__Material supplied__.
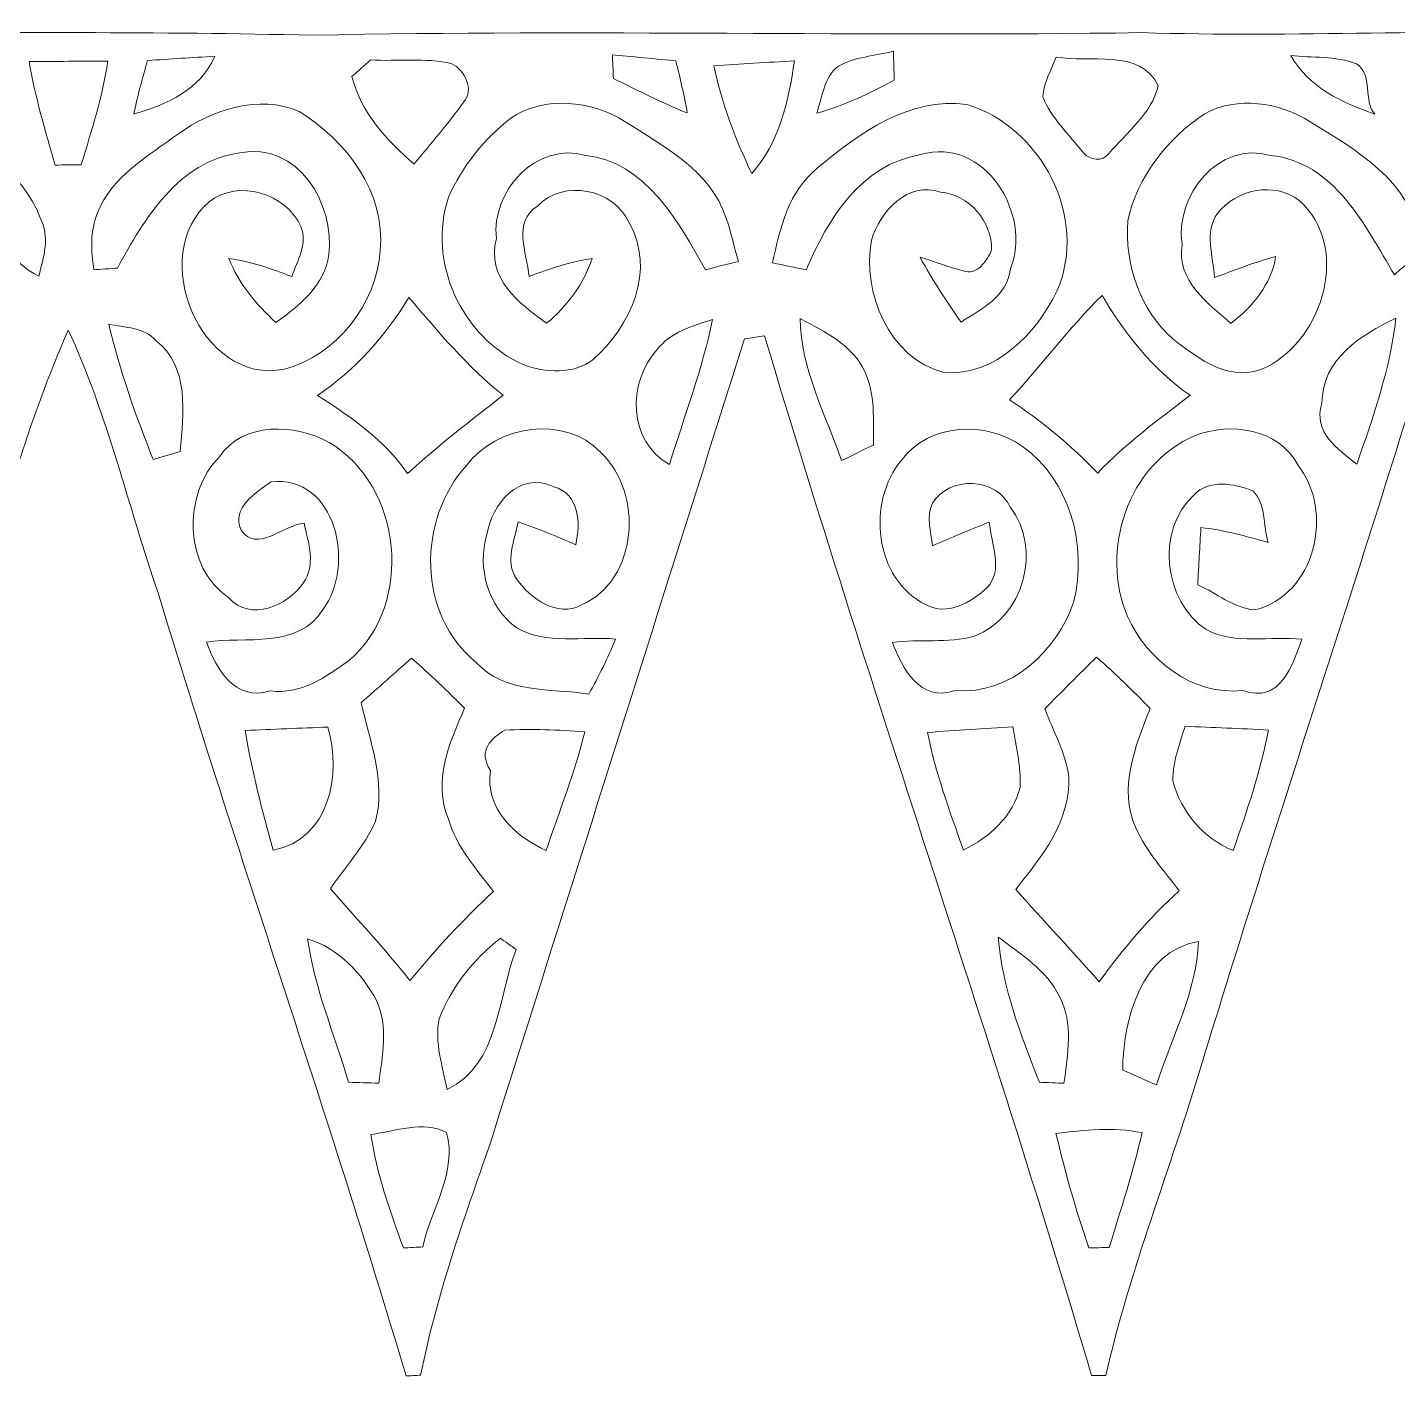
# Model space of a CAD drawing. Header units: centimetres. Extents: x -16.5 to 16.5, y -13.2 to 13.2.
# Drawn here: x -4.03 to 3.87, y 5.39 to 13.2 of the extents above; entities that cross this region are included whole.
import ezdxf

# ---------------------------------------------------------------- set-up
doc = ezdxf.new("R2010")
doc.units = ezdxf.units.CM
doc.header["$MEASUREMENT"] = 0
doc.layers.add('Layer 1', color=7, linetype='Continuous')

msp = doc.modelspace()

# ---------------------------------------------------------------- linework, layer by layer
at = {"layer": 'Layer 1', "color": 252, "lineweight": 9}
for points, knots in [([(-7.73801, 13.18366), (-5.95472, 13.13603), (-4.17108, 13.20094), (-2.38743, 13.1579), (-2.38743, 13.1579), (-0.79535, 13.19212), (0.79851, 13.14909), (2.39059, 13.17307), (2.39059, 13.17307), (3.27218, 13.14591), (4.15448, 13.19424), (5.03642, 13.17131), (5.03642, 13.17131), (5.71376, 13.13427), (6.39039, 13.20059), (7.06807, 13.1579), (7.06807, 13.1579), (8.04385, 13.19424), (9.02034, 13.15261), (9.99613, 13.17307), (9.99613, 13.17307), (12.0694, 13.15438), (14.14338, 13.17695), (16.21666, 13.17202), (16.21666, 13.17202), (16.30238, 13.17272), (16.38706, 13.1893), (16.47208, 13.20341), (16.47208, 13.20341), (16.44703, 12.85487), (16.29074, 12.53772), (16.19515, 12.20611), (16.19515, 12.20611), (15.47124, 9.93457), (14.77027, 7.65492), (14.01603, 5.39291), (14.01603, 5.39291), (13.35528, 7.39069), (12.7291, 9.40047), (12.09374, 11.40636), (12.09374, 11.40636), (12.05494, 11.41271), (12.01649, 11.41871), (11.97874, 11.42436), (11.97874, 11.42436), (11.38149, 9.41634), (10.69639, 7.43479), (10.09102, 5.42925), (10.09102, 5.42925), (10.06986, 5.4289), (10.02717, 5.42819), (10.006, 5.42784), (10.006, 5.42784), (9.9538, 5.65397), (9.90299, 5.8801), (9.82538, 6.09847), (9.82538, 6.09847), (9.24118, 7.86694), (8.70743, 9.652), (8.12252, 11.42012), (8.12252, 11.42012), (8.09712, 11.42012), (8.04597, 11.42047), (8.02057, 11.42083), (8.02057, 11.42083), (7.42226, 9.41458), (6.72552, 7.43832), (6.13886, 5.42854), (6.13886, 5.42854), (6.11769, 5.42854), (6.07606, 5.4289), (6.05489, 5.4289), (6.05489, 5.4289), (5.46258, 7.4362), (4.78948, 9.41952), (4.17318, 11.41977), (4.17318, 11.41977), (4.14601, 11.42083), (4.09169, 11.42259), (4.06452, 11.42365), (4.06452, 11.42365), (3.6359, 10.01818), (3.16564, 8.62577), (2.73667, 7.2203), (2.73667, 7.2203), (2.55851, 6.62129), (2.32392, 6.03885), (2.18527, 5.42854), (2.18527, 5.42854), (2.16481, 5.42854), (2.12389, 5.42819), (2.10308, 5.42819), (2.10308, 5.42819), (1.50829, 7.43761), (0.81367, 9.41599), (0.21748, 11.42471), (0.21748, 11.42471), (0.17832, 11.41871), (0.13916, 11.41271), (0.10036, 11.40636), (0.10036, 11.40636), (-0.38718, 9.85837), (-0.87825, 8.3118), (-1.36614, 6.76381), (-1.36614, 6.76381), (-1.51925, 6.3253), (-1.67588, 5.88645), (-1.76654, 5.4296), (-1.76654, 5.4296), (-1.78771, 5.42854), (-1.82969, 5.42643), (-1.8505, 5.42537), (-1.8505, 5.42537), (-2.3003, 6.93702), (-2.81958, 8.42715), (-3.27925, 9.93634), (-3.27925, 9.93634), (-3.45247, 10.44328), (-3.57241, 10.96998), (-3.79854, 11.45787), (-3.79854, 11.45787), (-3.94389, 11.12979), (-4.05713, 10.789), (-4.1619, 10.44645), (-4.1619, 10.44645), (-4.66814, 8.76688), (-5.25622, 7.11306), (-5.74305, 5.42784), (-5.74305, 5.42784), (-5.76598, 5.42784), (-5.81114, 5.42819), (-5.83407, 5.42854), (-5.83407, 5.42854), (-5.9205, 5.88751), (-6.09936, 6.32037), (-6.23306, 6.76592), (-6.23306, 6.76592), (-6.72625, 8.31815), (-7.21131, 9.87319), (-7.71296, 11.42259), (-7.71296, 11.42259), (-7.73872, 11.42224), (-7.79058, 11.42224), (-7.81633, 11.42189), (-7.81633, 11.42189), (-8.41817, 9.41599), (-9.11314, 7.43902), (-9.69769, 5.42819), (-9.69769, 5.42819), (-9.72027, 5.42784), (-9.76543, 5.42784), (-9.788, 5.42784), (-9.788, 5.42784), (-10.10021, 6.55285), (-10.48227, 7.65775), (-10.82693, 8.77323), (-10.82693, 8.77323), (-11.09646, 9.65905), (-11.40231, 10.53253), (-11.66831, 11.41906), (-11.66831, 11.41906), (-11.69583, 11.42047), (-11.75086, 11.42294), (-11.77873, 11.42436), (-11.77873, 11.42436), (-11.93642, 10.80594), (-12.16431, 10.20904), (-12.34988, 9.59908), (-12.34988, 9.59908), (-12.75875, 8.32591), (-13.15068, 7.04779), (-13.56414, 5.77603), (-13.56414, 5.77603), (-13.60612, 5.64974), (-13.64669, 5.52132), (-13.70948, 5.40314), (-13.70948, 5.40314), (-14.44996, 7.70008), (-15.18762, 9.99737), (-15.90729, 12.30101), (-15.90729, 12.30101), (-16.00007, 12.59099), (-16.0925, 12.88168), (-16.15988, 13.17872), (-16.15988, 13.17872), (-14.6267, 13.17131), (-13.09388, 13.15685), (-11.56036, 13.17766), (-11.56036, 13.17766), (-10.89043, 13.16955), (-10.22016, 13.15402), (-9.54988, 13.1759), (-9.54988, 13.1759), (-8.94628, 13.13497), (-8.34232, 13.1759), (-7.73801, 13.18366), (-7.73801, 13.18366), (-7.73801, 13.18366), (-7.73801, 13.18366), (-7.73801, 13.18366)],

__What to produce__.
Looking at the entries, work out how many lines hold the word "ezdxf". Give the number and nothing else.

__Reply__.
3